Start of DATA RECORDS

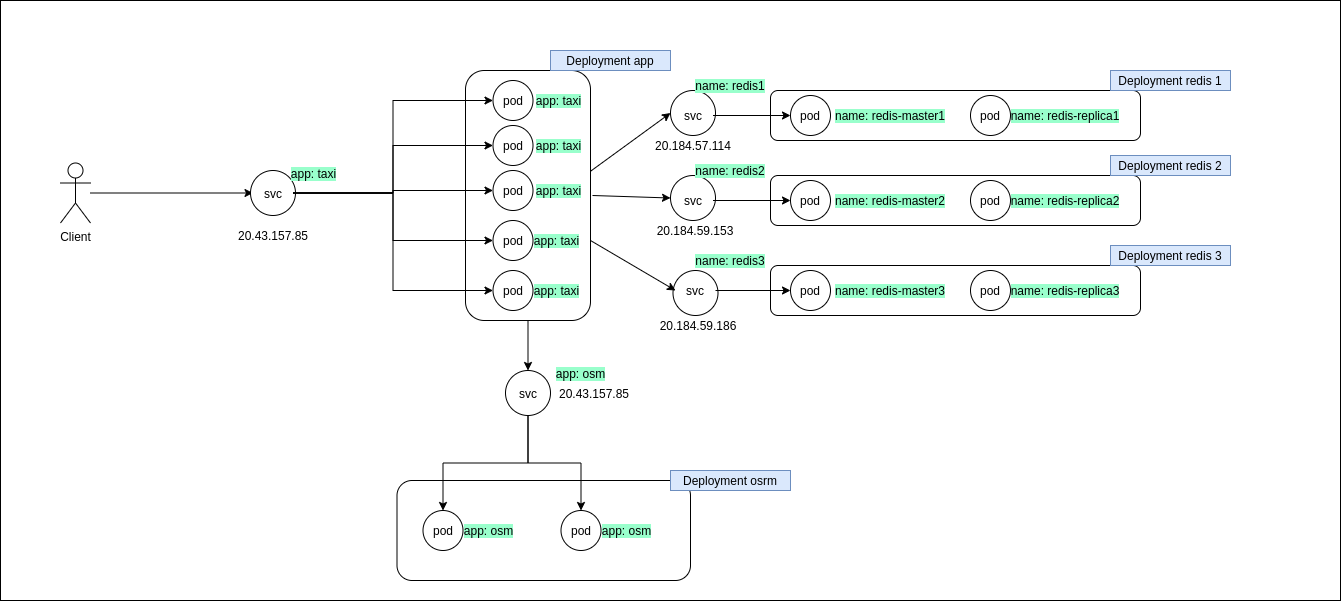

The diagram above was exported from draw.io. Its source (the exported page's mxGraphModel, read from the mxfile embedded in the PNG):
<mxGraphModel dx="2007" dy="1212" grid="1" gridSize="10" guides="1" tooltips="1" connect="1" arrows="1" fold="1" page="1" pageScale="1" pageWidth="850" pageHeight="1100" math="0" shadow="0">
  <root>
    <mxCell id="0" />
    <mxCell id="1" parent="0" />
    <mxCell id="kyQ58nN_QpEKTCf9AANQ-124" value="" style="rounded=0;whiteSpace=wrap;html=1;" vertex="1" parent="1">
      <mxGeometry x="-40" y="570" width="1340" height="600" as="geometry" />
    </mxCell>
    <mxCell id="kyQ58nN_QpEKTCf9AANQ-123" style="edgeStyle=orthogonalEdgeStyle;rounded=0;orthogonalLoop=1;jettySize=auto;html=1;entryX=0;entryY=0.5;entryDx=0;entryDy=0;" edge="1" parent="1" source="kyQ58nN_QpEKTCf9AANQ-3" target="kyQ58nN_QpEKTCf9AANQ-24">
      <mxGeometry relative="1" as="geometry" />
    </mxCell>
    <mxCell id="kyQ58nN_QpEKTCf9AANQ-3" value="Client" style="shape=umlActor;verticalLabelPosition=bottom;verticalAlign=top;html=1;outlineConnect=0;" vertex="1" parent="1">
      <mxGeometry x="20" y="732.5" width="30" height="60" as="geometry" />
    </mxCell>
    <mxCell id="kyQ58nN_QpEKTCf9AANQ-119" style="edgeStyle=orthogonalEdgeStyle;rounded=0;orthogonalLoop=1;jettySize=auto;html=1;exitX=0.5;exitY=1;exitDx=0;exitDy=0;entryX=0.5;entryY=0;entryDx=0;entryDy=0;" edge="1" parent="1" source="kyQ58nN_QpEKTCf9AANQ-6" target="kyQ58nN_QpEKTCf9AANQ-111">
      <mxGeometry relative="1" as="geometry" />
    </mxCell>
    <mxCell id="kyQ58nN_QpEKTCf9AANQ-6" value="" style="rounded=1;whiteSpace=wrap;html=1;" vertex="1" parent="1">
      <mxGeometry x="425" y="640" width="125" height="250" as="geometry" />
    </mxCell>
    <mxCell id="kyQ58nN_QpEKTCf9AANQ-7" value="" style="ellipse;whiteSpace=wrap;html=1;aspect=fixed;" vertex="1" parent="1">
      <mxGeometry x="452.5" y="650" width="40" height="40" as="geometry" />
    </mxCell>
    <mxCell id="kyQ58nN_QpEKTCf9AANQ-8" value="" style="ellipse;whiteSpace=wrap;html=1;aspect=fixed;" vertex="1" parent="1">
      <mxGeometry x="452.5" y="695" width="40" height="40" as="geometry" />
    </mxCell>
    <mxCell id="kyQ58nN_QpEKTCf9AANQ-9" value="" style="ellipse;whiteSpace=wrap;html=1;aspect=fixed;" vertex="1" parent="1">
      <mxGeometry x="452.5" y="740" width="40" height="40" as="geometry" />
    </mxCell>
    <mxCell id="kyQ58nN_QpEKTCf9AANQ-10" value="" style="ellipse;whiteSpace=wrap;html=1;aspect=fixed;" vertex="1" parent="1">
      <mxGeometry x="452.5" y="790" width="40" height="40" as="geometry" />
    </mxCell>
    <mxCell id="kyQ58nN_QpEKTCf9AANQ-11" value="" style="ellipse;whiteSpace=wrap;html=1;aspect=fixed;" vertex="1" parent="1">
      <mxGeometry x="452.5" y="840" width="40" height="40" as="geometry" />
    </mxCell>
    <mxCell id="kyQ58nN_QpEKTCf9AANQ-12" value="pod" style="text;html=1;strokeColor=none;fillColor=none;align=center;verticalAlign=middle;whiteSpace=wrap;rounded=0;" vertex="1" parent="1">
      <mxGeometry x="452.5" y="660" width="40" height="20" as="geometry" />
    </mxCell>
    <mxCell id="kyQ58nN_QpEKTCf9AANQ-13" value="pod" style="text;html=1;strokeColor=none;fillColor=none;align=center;verticalAlign=middle;whiteSpace=wrap;rounded=0;" vertex="1" parent="1">
      <mxGeometry x="452.5" y="705" width="40" height="20" as="geometry" />
    </mxCell>
    <mxCell id="kyQ58nN_QpEKTCf9AANQ-14" value="pod" style="text;html=1;strokeColor=none;fillColor=none;align=center;verticalAlign=middle;whiteSpace=wrap;rounded=0;" vertex="1" parent="1">
      <mxGeometry x="452.5" y="750" width="40" height="20" as="geometry" />
    </mxCell>
    <mxCell id="kyQ58nN_QpEKTCf9AANQ-15" value="pod" style="text;html=1;strokeColor=none;fillColor=none;align=center;verticalAlign=middle;whiteSpace=wrap;rounded=0;" vertex="1" parent="1">
      <mxGeometry x="452.5" y="800" width="40" height="20" as="geometry" />
    </mxCell>
    <mxCell id="kyQ58nN_QpEKTCf9AANQ-16" value="pod" style="text;html=1;strokeColor=none;fillColor=none;align=center;verticalAlign=middle;whiteSpace=wrap;rounded=0;" vertex="1" parent="1">
      <mxGeometry x="452.5" y="850" width="40" height="20" as="geometry" />
    </mxCell>
    <mxCell id="kyQ58nN_QpEKTCf9AANQ-18" value="&lt;span style=&quot;background-color: rgb(153 , 255 , 204)&quot;&gt;app: taxi&lt;/span&gt;" style="text;html=1;strokeColor=none;fillColor=none;align=center;verticalAlign=middle;whiteSpace=wrap;rounded=0;" vertex="1" parent="1">
      <mxGeometry x="485" y="660" width="67" height="20" as="geometry" />
    </mxCell>
    <mxCell id="kyQ58nN_QpEKTCf9AANQ-19" value="&lt;span style=&quot;background-color: rgb(153 , 255 , 204)&quot;&gt;app: taxi&lt;/span&gt;" style="text;html=1;strokeColor=none;fillColor=none;align=center;verticalAlign=middle;whiteSpace=wrap;rounded=0;" vertex="1" parent="1">
      <mxGeometry x="485" y="705" width="67" height="20" as="geometry" />
    </mxCell>
    <mxCell id="kyQ58nN_QpEKTCf9AANQ-20" value="&lt;span style=&quot;background-color: rgb(153 , 255 , 204)&quot;&gt;app: taxi&lt;/span&gt;" style="text;html=1;strokeColor=none;fillColor=none;align=center;verticalAlign=middle;whiteSpace=wrap;rounded=0;" vertex="1" parent="1">
      <mxGeometry x="485" y="750" width="67" height="20" as="geometry" />
    </mxCell>
    <mxCell id="kyQ58nN_QpEKTCf9AANQ-21" value="&lt;span style=&quot;background-color: rgb(153 , 255 , 204)&quot;&gt;app: taxi&lt;/span&gt;" style="text;html=1;strokeColor=none;fillColor=none;align=center;verticalAlign=middle;whiteSpace=wrap;rounded=0;" vertex="1" parent="1">
      <mxGeometry x="483" y="800" width="67" height="20" as="geometry" />
    </mxCell>
    <mxCell id="kyQ58nN_QpEKTCf9AANQ-22" value="&lt;span style=&quot;background-color: rgb(153 , 255 , 204)&quot;&gt;app: taxi&lt;/span&gt;" style="text;html=1;strokeColor=none;fillColor=none;align=center;verticalAlign=middle;whiteSpace=wrap;rounded=0;" vertex="1" parent="1">
      <mxGeometry x="483" y="850" width="67" height="20" as="geometry" />
    </mxCell>
    <mxCell id="kyQ58nN_QpEKTCf9AANQ-23" value="" style="ellipse;whiteSpace=wrap;html=1;aspect=fixed;" vertex="1" parent="1">
      <mxGeometry x="210" y="740" width="45" height="45" as="geometry" />
    </mxCell>
    <mxCell id="kyQ58nN_QpEKTCf9AANQ-26" style="edgeStyle=orthogonalEdgeStyle;rounded=0;orthogonalLoop=1;jettySize=auto;html=1;exitX=1;exitY=0.5;exitDx=0;exitDy=0;entryX=0;entryY=0.5;entryDx=0;entryDy=0;" edge="1" parent="1" source="kyQ58nN_QpEKTCf9AANQ-24" target="kyQ58nN_QpEKTCf9AANQ-12">
      <mxGeometry relative="1" as="geometry" />
    </mxCell>
    <mxCell id="kyQ58nN_QpEKTCf9AANQ-27" style="edgeStyle=orthogonalEdgeStyle;rounded=0;orthogonalLoop=1;jettySize=auto;html=1;exitX=1;exitY=0.5;exitDx=0;exitDy=0;entryX=0;entryY=0.5;entryDx=0;entryDy=0;" edge="1" parent="1" source="kyQ58nN_QpEKTCf9AANQ-24" target="kyQ58nN_QpEKTCf9AANQ-13">
      <mxGeometry relative="1" as="geometry" />
    </mxCell>
    <mxCell id="kyQ58nN_QpEKTCf9AANQ-28" style="edgeStyle=orthogonalEdgeStyle;rounded=0;orthogonalLoop=1;jettySize=auto;html=1;exitX=1;exitY=0.5;exitDx=0;exitDy=0;entryX=0;entryY=0.5;entryDx=0;entryDy=0;" edge="1" parent="1" source="kyQ58nN_QpEKTCf9AANQ-24" target="kyQ58nN_QpEKTCf9AANQ-14">
      <mxGeometry relative="1" as="geometry" />
    </mxCell>
    <mxCell id="kyQ58nN_QpEKTCf9AANQ-30" style="edgeStyle=orthogonalEdgeStyle;rounded=0;orthogonalLoop=1;jettySize=auto;html=1;exitX=1;exitY=0.5;exitDx=0;exitDy=0;entryX=0;entryY=0.5;entryDx=0;entryDy=0;" edge="1" parent="1" source="kyQ58nN_QpEKTCf9AANQ-24" target="kyQ58nN_QpEKTCf9AANQ-15">
      <mxGeometry relative="1" as="geometry" />
    </mxCell>
    <mxCell id="kyQ58nN_QpEKTCf9AANQ-31" style="edgeStyle=orthogonalEdgeStyle;rounded=0;orthogonalLoop=1;jettySize=auto;html=1;exitX=1;exitY=0.5;exitDx=0;exitDy=0;entryX=0;entryY=0.5;entryDx=0;entryDy=0;" edge="1" parent="1" source="kyQ58nN_QpEKTCf9AANQ-24" target="kyQ58nN_QpEKTCf9AANQ-16">
      <mxGeometry relative="1" as="geometry" />
    </mxCell>
    <mxCell id="kyQ58nN_QpEKTCf9AANQ-24" value="svc" style="text;html=1;strokeColor=none;fillColor=none;align=center;verticalAlign=middle;whiteSpace=wrap;rounded=0;" vertex="1" parent="1">
      <mxGeometry x="212.5" y="752.5" width="40" height="20" as="geometry" />
    </mxCell>
    <mxCell id="kyQ58nN_QpEKTCf9AANQ-25" value="20.43.157.85" style="text;html=1;strokeColor=none;fillColor=none;align=center;verticalAlign=middle;whiteSpace=wrap;rounded=0;" vertex="1" parent="1">
      <mxGeometry x="213" y="795" width="40" height="20" as="geometry" />
    </mxCell>
    <mxCell id="kyQ58nN_QpEKTCf9AANQ-32" value="&lt;span style=&quot;background-color: rgb(153 , 255 , 204)&quot;&gt;app: taxi&lt;/span&gt;" style="text;html=1;strokeColor=none;fillColor=none;align=center;verticalAlign=middle;whiteSpace=wrap;rounded=0;" vertex="1" parent="1">
      <mxGeometry x="240" y="732.5" width="67" height="20" as="geometry" />
    </mxCell>
    <mxCell id="kyQ58nN_QpEKTCf9AANQ-33" value="" style="rounded=1;whiteSpace=wrap;html=1;" vertex="1" parent="1">
      <mxGeometry x="730" y="660" width="370" height="50" as="geometry" />
    </mxCell>
    <mxCell id="kyQ58nN_QpEKTCf9AANQ-34" value="" style="ellipse;whiteSpace=wrap;html=1;aspect=fixed;" vertex="1" parent="1">
      <mxGeometry x="750" y="665" width="40" height="40" as="geometry" />
    </mxCell>
    <mxCell id="kyQ58nN_QpEKTCf9AANQ-35" value="pod" style="text;html=1;strokeColor=none;fillColor=none;align=center;verticalAlign=middle;whiteSpace=wrap;rounded=0;" vertex="1" parent="1">
      <mxGeometry x="750" y="675" width="40" height="20" as="geometry" />
    </mxCell>
    <mxCell id="kyQ58nN_QpEKTCf9AANQ-36" value="&lt;span style=&quot;background-color: rgb(153 , 255 , 204)&quot;&gt;name: redis-master1&lt;/span&gt;" style="text;html=1;strokeColor=none;fillColor=none;align=center;verticalAlign=middle;whiteSpace=wrap;rounded=0;" vertex="1" parent="1">
      <mxGeometry x="790" y="675" width="120" height="20" as="geometry" />
    </mxCell>
    <mxCell id="kyQ58nN_QpEKTCf9AANQ-43" value="" style="ellipse;whiteSpace=wrap;html=1;aspect=fixed;" vertex="1" parent="1">
      <mxGeometry x="930" y="665" width="40" height="40" as="geometry" />
    </mxCell>
    <mxCell id="kyQ58nN_QpEKTCf9AANQ-44" value="pod" style="text;html=1;strokeColor=none;fillColor=none;align=center;verticalAlign=middle;whiteSpace=wrap;rounded=0;" vertex="1" parent="1">
      <mxGeometry x="930" y="675" width="40" height="20" as="geometry" />
    </mxCell>
    <mxCell id="kyQ58nN_QpEKTCf9AANQ-45" value="&lt;span style=&quot;background-color: rgb(153 , 255 , 204)&quot;&gt;name: redis-replica1&lt;/span&gt;" style="text;html=1;strokeColor=none;fillColor=none;align=center;verticalAlign=middle;whiteSpace=wrap;rounded=0;" vertex="1" parent="1">
      <mxGeometry x="960" y="675" width="130" height="20" as="geometry" />
    </mxCell>
    <mxCell id="kyQ58nN_QpEKTCf9AANQ-54" value="" style="rounded=1;whiteSpace=wrap;html=1;" vertex="1" parent="1">
      <mxGeometry x="730" y="745" width="370" height="50" as="geometry" />
    </mxCell>
    <mxCell id="kyQ58nN_QpEKTCf9AANQ-55" value="" style="ellipse;whiteSpace=wrap;html=1;aspect=fixed;" vertex="1" parent="1">
      <mxGeometry x="750" y="750" width="40" height="40" as="geometry" />
    </mxCell>
    <mxCell id="kyQ58nN_QpEKTCf9AANQ-56" value="pod" style="text;html=1;strokeColor=none;fillColor=none;align=center;verticalAlign=middle;whiteSpace=wrap;rounded=0;" vertex="1" parent="1">
      <mxGeometry x="750" y="760" width="40" height="20" as="geometry" />
    </mxCell>
    <mxCell id="kyQ58nN_QpEKTCf9AANQ-57" value="&lt;span style=&quot;background-color: rgb(153 , 255 , 204)&quot;&gt;name: redis-master2&lt;/span&gt;" style="text;html=1;strokeColor=none;fillColor=none;align=center;verticalAlign=middle;whiteSpace=wrap;rounded=0;" vertex="1" parent="1">
      <mxGeometry x="790" y="760" width="120" height="20" as="geometry" />
    </mxCell>
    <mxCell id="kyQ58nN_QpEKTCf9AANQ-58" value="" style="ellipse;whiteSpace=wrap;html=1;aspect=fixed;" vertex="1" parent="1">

End of DATA RECORDS

TASK INSTRUCTIONS
Wherever the word "entryDx" occurs in a line of the listing, copy that line.

EXPECTED OUTPUT
    <mxCell id="kyQ58nN_QpEKTCf9AANQ-123" style="edgeStyle=orthogonalEdgeStyle;rounded=0;orthogonalLoop=1;jettySize=auto;html=1;entryX=0;entryY=0.5;entryDx=0;entryDy=0;" edge="1" parent="1" source="kyQ58nN_QpEKTCf9AANQ-3" target="kyQ58nN_QpEKTCf9AANQ-24">
    <mxCell id="kyQ58nN_QpEKTCf9AANQ-119" style="edgeStyle=orthogonalEdgeStyle;rounded=0;orthogonalLoop=1;jettySize=auto;html=1;exitX=0.5;exitY=1;exitDx=0;exitDy=0;entryX=0.5;entryY=0;entryDx=0;entryDy=0;" edge="1" parent="1" source="kyQ58nN_QpEKTCf9AANQ-6" target="kyQ58nN_QpEKTCf9AANQ-111">
    <mxCell id="kyQ58nN_QpEKTCf9AANQ-26" style="edgeStyle=orthogonalEdgeStyle;rounded=0;orthogonalLoop=1;jettySize=auto;html=1;exitX=1;exitY=0.5;exitDx=0;exitDy=0;entryX=0;entryY=0.5;entryDx=0;entryDy=0;" edge="1" parent="1" source="kyQ58nN_QpEKTCf9AANQ-24" target="kyQ58nN_QpEKTCf9AANQ-12">
    <mxCell id="kyQ58nN_QpEKTCf9AANQ-27" style="edgeStyle=orthogonalEdgeStyle;rounded=0;orthogonalLoop=1;jettySize=auto;html=1;exitX=1;exitY=0.5;exitDx=0;exitDy=0;entryX=0;entryY=0.5;entryDx=0;entryDy=0;" edge="1" parent="1" source="kyQ58nN_QpEKTCf9AANQ-24" target="kyQ58nN_QpEKTCf9AANQ-13">
    <mxCell id="kyQ58nN_QpEKTCf9AANQ-28" style="edgeStyle=orthogonalEdgeStyle;rounded=0;orthogonalLoop=1;jettySize=auto;html=1;exitX=1;exitY=0.5;exitDx=0;exitDy=0;entryX=0;entryY=0.5;entryDx=0;entryDy=0;" edge="1" parent="1" source="kyQ58nN_QpEKTCf9AANQ-24" target="kyQ58nN_QpEKTCf9AANQ-14">
    <mxCell id="kyQ58nN_QpEKTCf9AANQ-30" style="edgeStyle=orthogonalEdgeStyle;rounded=0;orthogonalLoop=1;jettySize=auto;html=1;exitX=1;exitY=0.5;exitDx=0;exitDy=0;entryX=0;entryY=0.5;entryDx=0;entryDy=0;" edge="1" parent="1" source="kyQ58nN_QpEKTCf9AANQ-24" target="kyQ58nN_QpEKTCf9AANQ-15">
    <mxCell id="kyQ58nN_QpEKTCf9AANQ-31" style="edgeStyle=orthogonalEdgeStyle;rounded=0;orthogonalLoop=1;jettySize=auto;html=1;exitX=1;exitY=0.5;exitDx=0;exitDy=0;entryX=0;entryY=0.5;entryDx=0;entryDy=0;" edge="1" parent="1" source="kyQ58nN_QpEKTCf9AANQ-24" target="kyQ58nN_QpEKTCf9AANQ-16">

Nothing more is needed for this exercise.